With consideration of tungsten whiskering, using a lower
temperature selective oxidation would be more favorable to overall
device performance.
[0019] Embodiments of the present invention are described more
clearly with reference to the figure below.
[0020] FIG. 1 is a RTP chamber with a remote plasma source
according to one embodiment. The RTP chamber employed with
embodiments of the present invention may be of any type which can
heat and cool a substrate while maintaining atmospheric conditions
around the substrate, such as the Centura thermal processing system
or the Vantage RTP system, available from Applied Materials, Inc.
located in Santa Clara, Calif. It is envisioned that other thermal
processing chambers, including chambers from other manufacturers,
may be employed with embodiments of the present invention without
diverging from the scope of the present invention.

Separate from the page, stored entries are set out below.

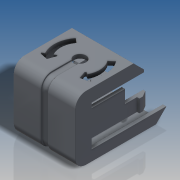
# Autodesk Inventor part: 99397-LtBluishGray
Saved by Autodesk Inventor 2016 SP2 (Build 200236200, 236)
## iProperties
Created: 2015-08-28
Part Number: 99397-LtBluishGray
Material: ABS Plastic
Document SubType Name: Modeling
Designer: D. Kohfeld
Density: 1.06 g/cm^3
Appearance: LtBluishGray
Mass: 2.55562 g
Surface Area: 41.4756 cm^2
Volume: 2.41097 cm^3
Author: D. Kohfeld
Autodesk Inventor part; units mm, degrees
ref_plane "YZ Plane" through (0, 0, 0) normal (1, 0, 0) x (0, 1, 0)
ref_plane "XZ Plane" through (0, 0, 0) normal (0, 1, 0) x (-1, 0, 0)
ref_plane "XY Plane" through (0, 0, 0) normal (0, 0, 1) x (1, 0, 0)
sketch "Sketch2" plane through (0, 0, 0) normal (1, 0, 0) x (0, 1, 0)
  line L0 (-10.8, -21.6) -> (-10.8, 2)
  arc A0 (-7.2, 5.6) -> (-10.8, 2) centre (-7.2, 2) ccw
  line L1 (-7.2, 5.6) -> (7.2, 5.6)
  arc A1 (10.8, 2) -> (7.2, 5.6) centre (7.2, 2) ccw
  line L2 (10.8, 2) -> (10.8, -14)
  line L3 (10.8, -14) -> (7.2, -17.6)
  line L4 (7.2, -17.6) -> (6.4, -17.6)
  line L5 (6.4, -17.6) -> (6.4, 0)
  line L6 (6.4, 0) -> (4.8, 0)
  line L7 (4.8, 0) -> (4.8, -11.2)
  line L8 (4.8, -11.2) -> (0.4, -11.2)
  line L9 (0.4, -11.2) -> (0.4, -15.2)
  line L10 (0.4, -15.2) -> (-4, -15.2)
  line L11 (-4, -15.2) -> (-4, 0)
  line L12 (-4, 0) -> (-7.2, 0)
  line L13 (-7.2, 0) -> (-7.2, -25.2)
  line L14 (-7.2, -25.2) -> (-10.8, -21.6)
  line L15 (9.36, -15.44) -> (9.36, 4)
  line L16 (9.36, 4) -> (-9.6, 4)
  line L17 (-9.6, 4) -> (-9.6, -22.8)
  line L18 (-9.6, 3.2) -> (9.36, 3.2)
  line L19 (10.8, -6.4) -> (10.4, -6.4)
  line L20 (10.4, -6.4) -> (10.4, 2)
  arc A2 (10.4, 2) -> (7.2, 5.2) centre (7.2, 2) ccw
  line L21 (7.2, 5.2) -> (-7.2, 5.2)
  arc A3 (-7.2, 5.2) -> (-10.4, 2) centre (-7.2, 2) ccw
  line L22 (-10.4, 2) -> (-10.4, -6.8)
  line L23 (-10.4, -6.8) -> (-10.8, -6.8)
  line L24 (-10.8, -10.8) -> (-9.6, -10.8)
  point P0 (0, 0)
  point P1 (0, 5.6)
  dimension "d0" = 21.6
  dimension "d1" = 3.6
  dimension "d2" = 30.8
  dimension "d3" = 5.6
  dimension "d4" = 45
  dimension "d5" = 3.6
  dimension "d6" = 4.4
  dimension "d7" = 4.4
  dimension "d8" = 4.4
  dimension "d9" = 0.8
  dimension "d10" = 23.2
  dimension "d11" = 1.6
  dimension "d12" = 16.8
  dimension "d13" = 20.8
  dimension "d14" = 1.44
  dimension "d15" = 1.2
  dimension "d16" = 1.6
  dimension "d17" = 0.8
  dimension "d18" = 0.4
  dimension "d19" = 12
  dimension "d20" = 12.4
  dimension "d21" = 14.4
  constraints: 50 end point, 12 horizontal, 11 vertical, 8 point on circle, 8 point on line, 8 tangent, 4 centre point, 2 concentric, 2 horizontal alignment, 1 equal radius, 1 midpoint, 1 perpendicular, 1 vertical alignment
  measures "d0" distance between parallel lines of L2 L0
  measures "d1" radius of A1
  measures "d2" distance from line of L13.end L1
  measures "d3" distance between parallel lines of L12 L1
  measures "d4" angle of L13 L14
  measures "d5" distance between parallel lines of L0 L13
  measures "d6" distance between parallel lines of L7 L9
  measures "d7" distance between parallel lines of L11 L9
  measures "d8" distance between parallel lines of L5 L2
  measures "d9" distance of L3.end L4.end
  measures "d10" distance from line of L3.end L1
  measures "d11" distance between parallel lines of L5 L7
  measures "d12" distance between parallel lines of L8 L1
  measures "d13" distance between parallel lines of L10 L1
  measures "d14" distance between parallel lines of L2 L15
  measures "d15" distance between parallel lines of L0 L17
  measures "d16" distance between parallel lines of L1 L16
  measures "d17" distance between parallel lines of L16 L18
  measures "d18" distance between parallel lines of L1 L21
  measures "d19" distance from line of L19.start L1
  measures "d20" distance from line of L23.end L1
  measures "d21" distance from line of L13.end L24
extrude "Extrusion1" add sketch "Sketch2" along normal mid plane 20.8
extrude "Extrusion2" cut sketch "Sketch2" along normal mid plane 18.4 contours L17 L18 L15 L3 L4 L5 L6 L7 L8 L9 L10 L11 L12 L13 L14 | L17 L16 L15 L18
extrude "Extrusion3" add sketch "Sketch2" along normal mid plane 4 contours L17 L16 L15 L18
extrude "Extrusion4" cut sketch "Sketch2" along normal mid plane 2.222 contours L0 A0 L1 A1 L2 L19 L20 A2 L21 A3 L22 L23
extrude "Extrusion5" cut sketch "Sketch2" along normal mid plane 8 contours L0 L24 L17 L14
sketch "Sketch3" plane through (10.4, 0.4, -11.2) normal (0, 1, 0) x (1, 0, 0)
  line L0 (-1.2, 4) -> (0, 4) projected
  line L1 (-19.6, 0) -> (-19.6, 4) projected
  line L2 (-20.8, 4) -> (-19.6, 4) projected
  line L3 (-20.8, 0) -> (-20.8, 4) projected
  line L4 (-20.8, 0) -> (-19.6, 0) projected
  line L5 (-1.2, 4) -> (-1.2, 7.2)
  line L6 (-1.2, 7.2) -> (-0.4, 7.2)
  line L7 (-0.4, 7.2) -> (0.8, 5.2)
  line L8 (0.8, 4) -> (0, 4)
  line L9 (-19.6, 4) -> (-19.6, 7.2)
  line L10 (-19.6, 7.2) -> (-20.4, 7.2)
  line L11 (-20.4, 7.2) -> (-21.6, 5.2)
  line L12 (-21.6, 4) -> (-20.8, 4)
  line L13 (0.8, 5.2) -> (0.8, 4)
  line L14 (-21.6, 5.2) -> (-21.6, 4)
  point P0 (-10.4, -11.2)
  dimension "d32" = 3.2
  dimension "d33" = 0.8
  dimension "d34" = 1.2
  dimension "d35" = 0.8
  constraints: 20 end point, 4 equal length, 4 horizontal, 4 vertical
  measures "d32" distance between parallel lines of L12 L10
  measures "d33" distance of L12.start L2.start
  measures "d34" distance of L11.end L12.start
  measures "d35" distance of L9.end L10.end
extrude "Extrusion6" add sketch "Sketch3" against normal up to surface (4.4 mm away) contours L5 L6 L7 L13 L8 L0 | L2 L12 L14 L11 L10 L9
sketch "Sketch4" plane through (-10.4, 10.8, -14) normal (0, 1, 0) x (1, 0, 0)
  line L0 (20.8, 0) -> (0, 0) projected
  line L1 (9.289, -7.6) -> (11.511, -7.6) projected
  circle A0 centre (10.4, -7.6) radius 2
  arc A1 (5.164, -3.582) -> (4.6557, -10.85) centre (10.4, -7.6) ccw
  arc A2 (3.6233, -2.3051) -> (2.9149, -11.8348) centre (10.4, -7.6) ccw
  line L2 (3.6233, -2.3051) -> (5.164, -3.582)
  line L3 (4.6557, -10.85) -> (5.4942, -10.3755)
  line L4 (5.4942, -10.3755) -> (5.7125, -10.7613)
  line L5 (2.9149, -11.8348) -> (2.0764, -12.3093)
  line L6 (2.0764, -12.3093) -> (2.2946, -12.695)
  line L7 (2.2946, -12.695) -> (4.8396, -13.2059)
  line L8 (4.8396, -13.2059) -> (5.7125, -10.7613)
  line L9 (10.4, -7.6) -> (10.4, -16)
  arc A3 (16.1443, -10.85) -> (15.636, -3.582) centre (10.4, -7.6) ccw
  arc A4 (17.8851, -11.8348) -> (17.1767, -2.3051) centre (10.4, -7.6) ccw
  line L10 (17.1767, -2.3051) -> (15.636, -3.582)
  line L11 (16.1443, -10.85) -> (15.3058, -10.3755)
  line L12 (15.3058, -10.3755) -> (15.0875, -10.7613)
  line L13 (17.8851, -11.8348) -> (18.7236, -12.3093)
  line L14 (18.7236, -12.3093) -> (18.5054, -12.695)
  line L15 (18.5054, -12.695) -> (15.9604, -13.2059)
  line L16 (15.9604, -13.2059) -> (15.0875, -10.7613)
  point P0 (9.289, -16)
  point P1 (10.4, -14)
  dimension "d38" = 4
  dimension "d39" = 39.65
  dimension "d40" = 8.6
  dimension "d41" = 6.6
  dimension "d42" = 98.3
  dimension "d43" = 3.927
  dimension "d44" = 2.141
  dimension "d45" = 69.15
  dimension "d46" = 5.236
  dimension "d47" = 4.018
  constraints: 30 end point, 9 symmetric about line, 8 point on circle, 5 centre point, 3 equal length, 2 coincident, 2 horizontal alignment, 2 point on line, 1 collinear, 1 midpoint, 1 parallel, 1 perpendicular, 1 vertical, 2 other
  measures "d38" diameter of A0
  measures "d39" angle of L0 L2
  measures "d40" radius of A2
  measures "d41" radius of A1
  measures "d42" angle of L8 L7
  measures "d43" distance between parallel lines of L4 L6
  measures "d44" distance from line of L7.end L3
  measures "d45" angle of L5 L2
  measures "d46" horizontal distance of A0.centre L2.end
  measures "d47" vertical distance of A0.centre L2.end
extrude "Extrusion7" cut sketch "Sketch4" against normal up to surface (1.44 mm away)
fillet "Fillet1" radius 0.1 159 edges at (-10.4, 10.8, -6) (-10.4, 0, 5.6) (-10.4, -9.7456, 4.5456) (-10.4, -10.8, -9.8) (-10.4, 9.7456, 4.5456) (10.4, 9.7456, 4.5456) (10.4, 0, 5.6) (10.4, -9.7456, 4.5456) (10.4, -10.8, -9.8) (10.4, 10.8, -6) (1.111, 9.7456, 4.5456) (1.111, 0, 5.6) (1.111, -9.7456, 4.5456) (1.111, -10.8, -2.4) (1.111, 10.8, -1.3685) (-1.111, 9.7456, 4.5456) (-1.111, 0, 5.6) (-1.111, -9.7456, 4.5456) (-1.111, -10.8, -2.4) (-1.111, 10.8, -1.3685) (6.5839, 10.8, -6.8605) (6.0064, 10.8, -11.0564) (8.5763, 10.8, -7.0375) (7.9044, 10.8, -1.9279) (7.4851, 10.08, -2.1652) (8.2145, 10.8, -1.4979) (6.8329, 10.8, -1.0496) (5.124, 10.8, -2.0164) (4.7966, 10.8, -3.4316) (5.3251, 10.8, -3.3872) (5.7443, 10.08, -3.15) (-0.9429, 10.8, -8.1638) (1.7638, 10.8, -5.4571) (0, 10.4, -4.4) (-2, 9.36, -6.4) (-1.111, 10.6, -4.737) (1.111, 10.6, -4.737) (-8.5763, 10.8, -7.0375) (-6.0064, 10.8, -11.0564) (-6.5839, 10.8, -6.8605) (-5.7443, 10.08, -3.15) (-5.3251, 10.8, -3.3872) (-4.7967, 10.8, -3.4316) (-5.124, 10.8, -2.0164) (-6.8329, 10.8, -1.0496) (-8.2145, 10.8, -1.4979) (-7.9044, 10.8, -1.9279) (-7.4851, 10.08, -2.1652) (-8.5763, 9.36, -7.0375) (-6.0064, 9.36, -11.0564) (-6.5839, 9.36, -6.8605) (-5.3251, 9.36, -3.3872) (-4.7967, 9.36, -3.4316) (-5.124, 9.36, -2.0164) (-6.8329, 9.36, -1.0496) (-8.2145, 9.36, -1.4979) (-7.9044, 9.36, -1.9279) (4.7966, 9.36, -3.4316) (5.3251, 9.36, -3.3872) (6.5839, 9.36, -6.8605) (5.124, 9.36, -2.0164) (6.8329, 9.36, -1.0496) (8.2145, 9.36, -1.4979) (7.9044, 9.36, -1.9279) (8.5763, 9.36, -7.0375) (6.0064, 9.36, -11.0564) (10.4, 6.4, -8.8) (10.4, 9, -15.8) (10.4, 6.8, -17.6) (10.4, 5.6, 0) (10.4, 4.8, -5.6) (10.4, 2.6, -11.2) (9.8, 4.8, -11.2) (9.2, 4.8, -5.6) (9.2, 5.6, 0) (9.2, 6.4, -8.8) (9.8, 6.4, -17.6) (9.8, 7.2, -17.6) (9.2, 6.8, -17.6) (9.2, 2.6, -11.2) (9.2, 0.4, -14.8) (10.4, 0.4, -13.2) (10.8, 0.4, -15.2) (11.2, -1.8, -15.2) (11.2, -1.8, -16.4) (11.2, 0.4, -15.8) (10.6, 0.4, -17.4) (9.6, 0.4, -18.4) (9.2, -1.8, -18.4) (10, -1.8, -18.4) (10.4, -4, -7.6) (10.8, -4, -15.2) (11.2, -4, -15.8) (10.6, -4, -17.4) (9.6, -4, -18.4) (9.2, -4, -9.2) (10.4, -5.6, 0) (9.2, -5.6, 0) (9.2, -7.2, -12.6) (10.4, -7.2, -12.6) (9.8, -7.2, -25.2) (10.4, -9, -23.4) (9.2, -8.4, -24) (6.6, -9.6, -22.8) (0, -9.6, -10.8) (-4, -9.6, -16.8) (-4, -10.8, -16.2) (0, -10.8, -10.8) (4, -9.6, -16.8) (4, -10.8, -16.2) (-4, -10.2, -22.2) (-6.6, -9.6, -22.8) (-9.2, -7.2, -12.6) (-10.4, -7.2, -12.6) (-9.2, -8.4, -24) (-9.8, -7.2, -25.2) (-10.4, -9, -23.4) (-9.2, -5.6, 0) (-10.4, -5.6, 0) (-9.2, -4, -9.2) (-10.4, -4, -7.6) (-11.2, -1.8, -15.2) (-10.8, -4, -15.2) (-11.2, -4, -15.8) (-10.6, -4, -17.4) (-9.2, -1.8, -18.4) (-9.6, -4, -18.4) (-10, -1.8, -18.4) (-9.6, 0.4, -18.4) (-10.6, 0.4, -17.4) (-11.2, -1.8, -16.4) (-11.2, 0.4, -15.8) (-10.4, 0.4, -13.2) (-9.2, 0.4, -14.8) (-9.2, 2.6, -11.2) (-10.4, 2.6, -11.2) (-9.8, 4.8, -11.2) (0, 9.36, -15.44) (0, 10.8, -14) (-9.2, 4.8, -5.6) (-10.4, 4.8, -5.6) (-9.2, 6.4, -8.8) (-9.2, 6.8, -17.6) (-9.8, 6.4, -17.6) (-10.4, 6.8, -17.6) (-9.8, 7.2, -17.6) (-9.2, 8.28, -16.52) (-10.4, 9, -15.8) (7.2, -10.8, -21.6) (4, -10.2, -22.2) (0, -10.8, -6.8) (-7.2, -10.8, -21.6) (2, -0.12, 3.2) (-2, -0.12, 3.2) (9.2, 8.28, -16.52) (-10.4, 5.6, 0) (-9.2, 5.6, 0) (-10.4, 6.4, -8.8) (-10.8, 0.4, -15.2)
equation "\"d11\" = wall"
equation "\"d16\" = wall"
equation "\"d30\" = lu"
equation "\"d36\" = lu"
equation "\"d48\" = lu"
equation "\"d50\" = lf"
equation "\"wall\" = 1.6"
equation "\"lu\" = 8"
equation "\"lf\" = 0.1"
body "Solid1"

[0021] The RTP chamber can employ heating from resistive heat, such
as a resistive heating element formed in a substrate support, from
radiant heat, such as from a heat lamp, or from radiant energy,
such as from a laser annealing system.
[0022] The processing chamber 100 generally comprises a chamber
body 101 defining a processing area 110 in which a substrate 102
may be thermally processed. The substrate 102 is positioned on a
substrate support 112 which can help define the processing area
110. An energy source 103 is configured to direct radiant energy
105 towards the processing area 110. A sensor 108 is disposed in
position to measure an attribute of components in the interior of
the chamber body 101. In one embodiment, the sensor 108 is
configured to measure temperature of the substrate 102 by obtaining
and measuring radiant energy from the substrate 102. The sensor 108
may be connected to a system controller 109, which may be used to
adjust the energy source 103 according to the measurement from the
sensor 108.
[0023] Connected with the processing chamber 100 is a remote plasma
source 120. The remote plasma source employed with embodiments of
the present invention may be of any type which can be used to form
a remote plasma comprising at least oxygen, such as a R*evolution
III Remote RF Plasma Source available from MKS Instruments located
in Andover, Mass. It is envisioned that other remote plasma
chambers, including chambers from other manufacturers, may be
employed with embodiments of the present invention without
diverging from the scope of the present invention.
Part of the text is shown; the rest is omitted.